What you will do: Word for word, return the lines below from the first through the line that has "[diagram v3b: part of the schematic, after]", dropping the pictures.

[Data entries]
● ● ●
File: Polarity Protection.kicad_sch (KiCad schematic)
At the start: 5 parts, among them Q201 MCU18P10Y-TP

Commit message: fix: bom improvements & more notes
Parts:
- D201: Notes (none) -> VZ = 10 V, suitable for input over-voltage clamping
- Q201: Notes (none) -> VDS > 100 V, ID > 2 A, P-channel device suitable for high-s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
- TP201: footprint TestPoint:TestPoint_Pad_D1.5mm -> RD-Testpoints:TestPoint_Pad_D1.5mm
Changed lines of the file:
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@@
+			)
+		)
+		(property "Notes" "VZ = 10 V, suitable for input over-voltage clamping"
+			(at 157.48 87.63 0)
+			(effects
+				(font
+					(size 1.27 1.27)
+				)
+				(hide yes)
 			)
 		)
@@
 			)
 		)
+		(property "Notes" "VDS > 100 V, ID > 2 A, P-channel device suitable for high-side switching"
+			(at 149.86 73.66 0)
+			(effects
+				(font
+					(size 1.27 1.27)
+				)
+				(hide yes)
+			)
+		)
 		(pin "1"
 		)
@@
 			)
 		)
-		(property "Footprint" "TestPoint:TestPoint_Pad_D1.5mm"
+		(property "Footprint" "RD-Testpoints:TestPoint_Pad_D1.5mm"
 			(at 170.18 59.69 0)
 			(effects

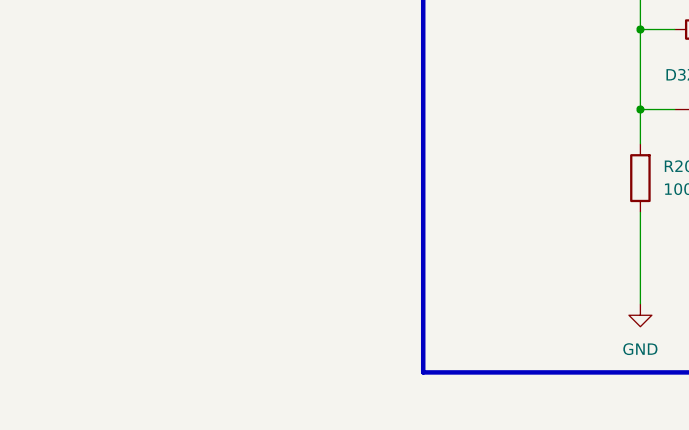
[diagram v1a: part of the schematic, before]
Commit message: feat: ERC/DRC checks
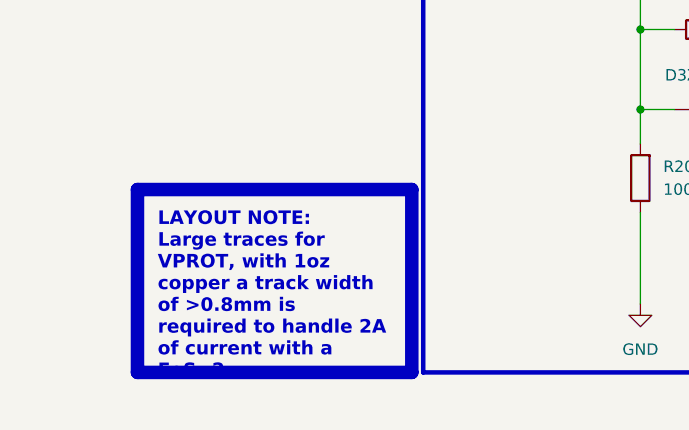
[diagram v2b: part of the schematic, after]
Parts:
- R201, R202: Manufacturer (none) -> Analog Technologies

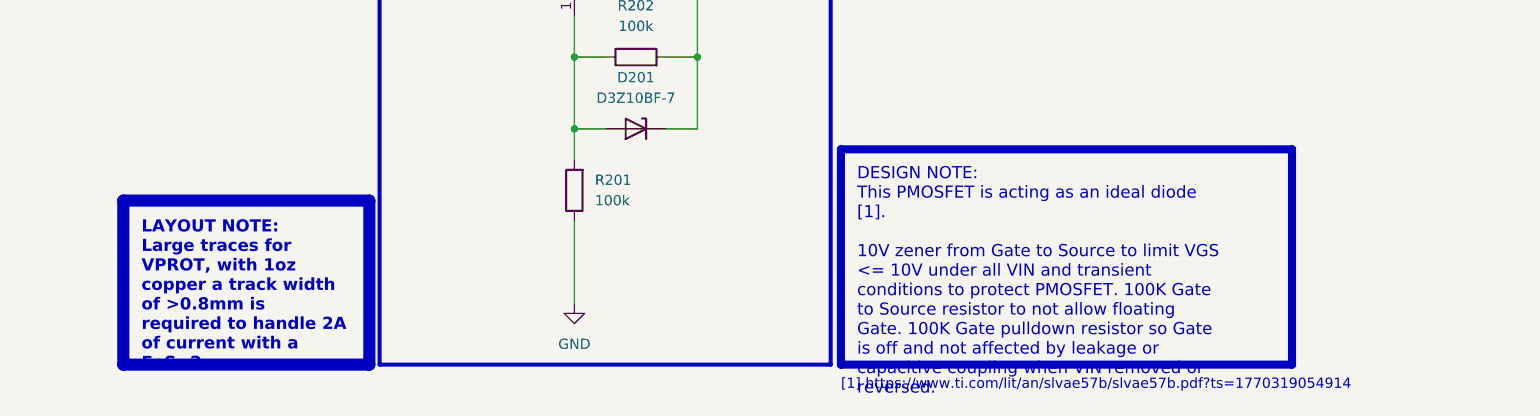
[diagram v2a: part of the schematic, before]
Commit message: feat!: added OC protection, redesigned board from near scratch, size increase
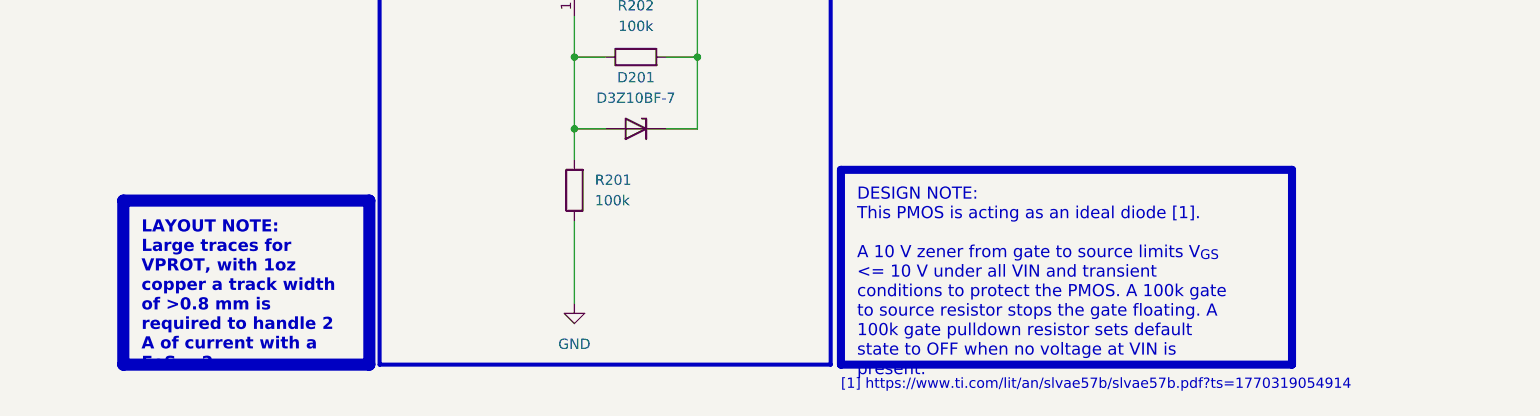
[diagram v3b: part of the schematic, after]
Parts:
- TP201: footprint RD-Testpoints:TestPoint_Pad_D1.5mm -> RD-Testpoints:TestPoint_Pad_D1.0mm
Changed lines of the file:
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@@
 		)
 	)
-	(text_box "DESIGN NOTE:\nThis PMOSFET is acting as an ideal diode [1].\n\n10V zener from Gate to Source to limit VGS <= 10V under all VIN and transient conditions to protect PMOSFET. 100K Gate to Source resistor to not allow floating Gate. 100K Gate pulldown resistor so Gate is off and not affected by leakage or capacitive coupling when VIN removed or reversed."
+	(text_box "DESIGN NOTE:\nThis PMOS is acting as an ideal diode [1].\n\nA 10 V zener from gate to source limits V_{GS} <= 10 V under all VIN and transient conditions to protect the PMOS. A 100k gate to source resistor stops the gate floating. A 100k gate pulldown resistor sets default state to OFF when no voltage at VIN is present."
 		(exclude_from_sim no)
-		(at 182.88 90.17 0)
-		(size 55.88 26.67)
+		(at 182.88 92.71 0)
+		(size 55.88 24.13)
 		(margins 2 2 2 2)
 		(stroke
@@
 		)
 	)
-	(text_box "LAYOUT NOTE:\nLarge traces for VPROT, with 1oz copper a track width of >0.8mm is required to handle 2A of current with a FoS=2."
+	(text_box "LAYOUT NOTE:\nLarge traces for VPROT, with 1oz copper a track width of >0.8 mm is required to handle 2 A of current with a FoS = 2."
 		(exclude_from_sim no)
 		(at 93.98 96.52 0)
@@
 			)
 		)
-		(property "Footprint" "RD-Testpoints:TestPoint_Pad_D1.5mm"
+		(property "Footprint" "RD-Testpoints:TestPoint_Pad_D1.0mm"
 			(at 170.18 59.69 0)
 			(effects
● ● ●
Written solution:
File: Polarity Protection.kicad_sch (KiCad schematic)
At the start: 5 parts, among them Q201 MCU18P10Y-TP

Commit message: fix: bom improvements & more notes
Parts:
- D201: Notes (none) -> VZ = 10 V, suitable for input over-voltage clamping
- Q201: Notes (none) -> VDS > 100 V, ID > 2 A, P-channel device suitable for high-s
- TP201: footprint TestPoint:TestPoint_Pad_D1.5mm -> RD-Testpoints:TestPoint_Pad_D1.5mm
Changed lines of the file:
@@
+			)
+		)
+		(property "Notes" "VZ = 10 V, suitable for input over-voltage clamping"
+			(at 157.48 87.63 0)
+			(effects
+				(font
+					(size 1.27 1.27)
+				)
+				(hide yes)
 			)
 		)
@@
 			)
 		)
+		(property "Notes" "VDS > 100 V, ID > 2 A, P-channel device suitable for high-side switching"
+			(at 149.86 73.66 0)
+			(effects
+				(font
+					(size 1.27 1.27)
+				)
+				(hide yes)
+			)
+		)
 		(pin "1"
 		)
@@
 			)
 		)
-		(property "Footprint" "TestPoint:TestPoint_Pad_D1.5mm"
+		(property "Footprint" "RD-Testpoints:TestPoint_Pad_D1.5mm"
 			(at 170.18 59.69 0)
 			(effects

[diagram v1a: part of the schematic, before]
Commit message: feat: ERC/DRC checks
[diagram v2b: part of the schematic, after]
Parts:
- R201, R202: Manufacturer (none) -> Analog Technologies

[diagram v2a: part of the schematic, before]
Commit message: feat!: added OC protection, redesigned board from near scratch, size increase
[diagram v3b: part of the schematic, after]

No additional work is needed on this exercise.